Of course, some schools may simply write off the balance but others may not. If they don’t, how is this “free?” And if there is a balance to pay, how is this a program for low-income children?
And as he points out any “pilot program” is just a wedge for further expansion of vouchers in the future. The point is, putting government money into a private system, is unlikely to make our system of public free schools more efficient. And it’s not clear the votes in the Texas House will be there, Clash over vouchers comes down to vastly different views on Texas schools.
Democrats in the House and Senate will likely line up against all private school voucher and tuition tax credit bills, but they are in the minority in both chambers.
Rural GOP lawmakers also have also been cool to vouchers in the past.
In 2007, the House voted overwhelmingly to ban use of state funds for private schools — an action that halted all discussion of vouchers in Texas until now.
While Perry and Dewhurst, leader of the Senate, have signaled their support for expanded school choice, House Speaker Joe Straus is taking a more cautious approach, citing previous battles in the House over vouchers.
“If there is not a broad consensus on the issue, then I don’t see a House voucher bill coming” up for a vote, said Straus, R-San Antonio.
“That’s not to say there isn’t a possibility that we can work on an expanded school choice program of some sort. But I want to avoid a scene on the floor over a voucher bill that is not broadly supported.”
One reason vouchers are being pushed so hard, more than likely, is that people already sending their children to private school would like some of their tax money to go to their children’s tuition. What’s lost in all of this is that “vouchers” or “choice” still does not solve any of the problems with public school finance. And the issues with how the public is being educated has more to do with poverty, then anything else.
Most private schools don’t want public school cast offs – like special needs or poor kids filling their schools. They would, more than likely, just take from the cream of the crop from public education. And public education is the only entity that has the means to deal with the masses. What this will likely lead to is a class based education system.

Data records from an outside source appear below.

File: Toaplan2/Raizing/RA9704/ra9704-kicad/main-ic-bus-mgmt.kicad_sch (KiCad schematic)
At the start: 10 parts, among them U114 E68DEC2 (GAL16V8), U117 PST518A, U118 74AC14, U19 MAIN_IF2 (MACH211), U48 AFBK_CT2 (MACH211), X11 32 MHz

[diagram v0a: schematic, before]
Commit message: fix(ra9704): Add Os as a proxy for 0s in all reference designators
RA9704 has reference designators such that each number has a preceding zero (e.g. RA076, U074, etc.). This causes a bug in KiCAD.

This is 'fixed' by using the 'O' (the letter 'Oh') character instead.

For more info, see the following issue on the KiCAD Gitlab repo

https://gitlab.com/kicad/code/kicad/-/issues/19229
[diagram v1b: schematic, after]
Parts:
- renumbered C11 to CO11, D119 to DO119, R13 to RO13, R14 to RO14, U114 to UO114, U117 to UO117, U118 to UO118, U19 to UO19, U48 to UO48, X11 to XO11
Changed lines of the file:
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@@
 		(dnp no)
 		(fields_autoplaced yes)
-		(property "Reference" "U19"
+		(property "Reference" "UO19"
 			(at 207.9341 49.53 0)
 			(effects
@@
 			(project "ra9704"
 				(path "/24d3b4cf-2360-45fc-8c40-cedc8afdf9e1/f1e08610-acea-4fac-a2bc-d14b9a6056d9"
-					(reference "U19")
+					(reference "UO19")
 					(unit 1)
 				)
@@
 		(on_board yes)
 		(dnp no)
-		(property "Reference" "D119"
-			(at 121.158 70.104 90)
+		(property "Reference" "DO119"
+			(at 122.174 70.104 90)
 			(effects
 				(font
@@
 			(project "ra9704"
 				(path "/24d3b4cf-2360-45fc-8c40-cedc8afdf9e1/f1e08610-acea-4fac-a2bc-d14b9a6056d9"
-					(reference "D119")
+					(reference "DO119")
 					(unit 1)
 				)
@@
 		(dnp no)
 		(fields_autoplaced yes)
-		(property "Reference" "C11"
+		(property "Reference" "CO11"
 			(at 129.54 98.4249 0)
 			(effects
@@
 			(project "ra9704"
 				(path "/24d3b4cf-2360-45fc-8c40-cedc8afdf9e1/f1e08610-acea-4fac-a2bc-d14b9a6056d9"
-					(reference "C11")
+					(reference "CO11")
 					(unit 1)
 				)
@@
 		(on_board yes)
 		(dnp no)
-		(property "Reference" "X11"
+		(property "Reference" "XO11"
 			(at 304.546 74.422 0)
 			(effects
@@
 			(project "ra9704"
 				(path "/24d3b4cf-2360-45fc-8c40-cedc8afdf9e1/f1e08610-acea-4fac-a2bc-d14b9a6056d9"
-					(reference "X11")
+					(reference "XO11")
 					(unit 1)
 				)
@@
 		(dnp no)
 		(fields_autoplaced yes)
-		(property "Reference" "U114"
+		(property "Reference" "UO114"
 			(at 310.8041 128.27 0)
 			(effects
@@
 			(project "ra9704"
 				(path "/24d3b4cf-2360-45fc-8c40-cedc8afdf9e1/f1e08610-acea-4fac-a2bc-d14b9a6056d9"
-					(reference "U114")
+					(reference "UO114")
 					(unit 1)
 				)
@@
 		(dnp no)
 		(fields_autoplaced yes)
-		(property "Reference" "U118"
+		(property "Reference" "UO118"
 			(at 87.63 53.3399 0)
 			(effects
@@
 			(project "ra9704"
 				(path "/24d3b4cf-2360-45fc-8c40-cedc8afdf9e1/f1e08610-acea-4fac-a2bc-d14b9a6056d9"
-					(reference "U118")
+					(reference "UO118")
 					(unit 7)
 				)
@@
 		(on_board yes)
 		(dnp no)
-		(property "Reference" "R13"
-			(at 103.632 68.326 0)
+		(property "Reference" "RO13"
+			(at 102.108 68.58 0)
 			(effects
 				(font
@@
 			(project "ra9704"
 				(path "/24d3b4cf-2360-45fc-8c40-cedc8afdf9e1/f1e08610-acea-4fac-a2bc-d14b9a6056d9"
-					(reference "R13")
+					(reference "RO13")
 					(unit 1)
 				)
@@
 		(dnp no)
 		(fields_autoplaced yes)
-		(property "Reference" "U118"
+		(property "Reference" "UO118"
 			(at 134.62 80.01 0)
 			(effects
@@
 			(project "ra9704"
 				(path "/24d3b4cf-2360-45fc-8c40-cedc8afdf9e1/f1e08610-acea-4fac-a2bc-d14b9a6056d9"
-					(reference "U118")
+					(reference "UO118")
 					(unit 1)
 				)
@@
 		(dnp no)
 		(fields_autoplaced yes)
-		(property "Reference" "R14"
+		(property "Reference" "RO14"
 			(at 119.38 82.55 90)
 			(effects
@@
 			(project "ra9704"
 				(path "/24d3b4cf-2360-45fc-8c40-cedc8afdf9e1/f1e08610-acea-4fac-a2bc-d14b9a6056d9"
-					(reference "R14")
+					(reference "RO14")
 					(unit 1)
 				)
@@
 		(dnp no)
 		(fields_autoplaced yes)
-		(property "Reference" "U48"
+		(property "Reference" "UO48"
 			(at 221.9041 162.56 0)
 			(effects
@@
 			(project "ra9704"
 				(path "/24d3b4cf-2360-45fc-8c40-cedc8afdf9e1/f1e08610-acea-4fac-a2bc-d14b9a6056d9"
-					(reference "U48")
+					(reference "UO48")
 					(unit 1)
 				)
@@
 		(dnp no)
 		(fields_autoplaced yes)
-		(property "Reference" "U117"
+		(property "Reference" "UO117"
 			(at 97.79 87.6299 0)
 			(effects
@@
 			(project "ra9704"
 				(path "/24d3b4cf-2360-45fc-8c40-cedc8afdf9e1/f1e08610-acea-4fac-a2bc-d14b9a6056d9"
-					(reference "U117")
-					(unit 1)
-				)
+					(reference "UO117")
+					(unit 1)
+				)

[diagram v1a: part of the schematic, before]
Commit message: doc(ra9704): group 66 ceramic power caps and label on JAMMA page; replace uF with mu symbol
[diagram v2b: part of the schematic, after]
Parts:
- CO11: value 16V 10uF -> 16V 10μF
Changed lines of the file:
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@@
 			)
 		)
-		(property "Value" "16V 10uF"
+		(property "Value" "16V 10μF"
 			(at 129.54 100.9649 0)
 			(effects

Which leads us back to what public education should be. Public education takes a commitment from the public – parents, teachers, grand parents and those without children in school. It’s something we choose to do today as a society, educate all children, so everyone we all have a better future. Vouchers are the wrong choice.
From the just released House Research Organization’s report Topics for the 83rd Legislature, page 10 section on School choice and vouchers.
The 83rd Legislature may consider introducing school vouchers, including using public money to pay private school tuition for some Texas school children. Such a program could be targeted to low-income or special-needs students or those who attend low-performing schools. A related issue for debate could be providing tax credits for businesses that contribute scholarships for certain students to attend qualifying private schools. Proposals may impose state testing and accountability requirements on private schools receiving public money. [Emphasis added]
Yes, that’s right, the taxpayers of Texas are going to want accountability, to know what their money is being on and if their money is being spent well. Do private schools really want the state of Texas becoming involved in their business? For all the bluster the right wing has about getting government out of everything, it seems so unlike them to be putting forth a proposal that will allow the government to stick it’s nose in private education.
Private schools have always had autonomy from the government accountability that public schools have always had. But blurring the line between public and private education will end all of that. That surely looks like a deal breaker.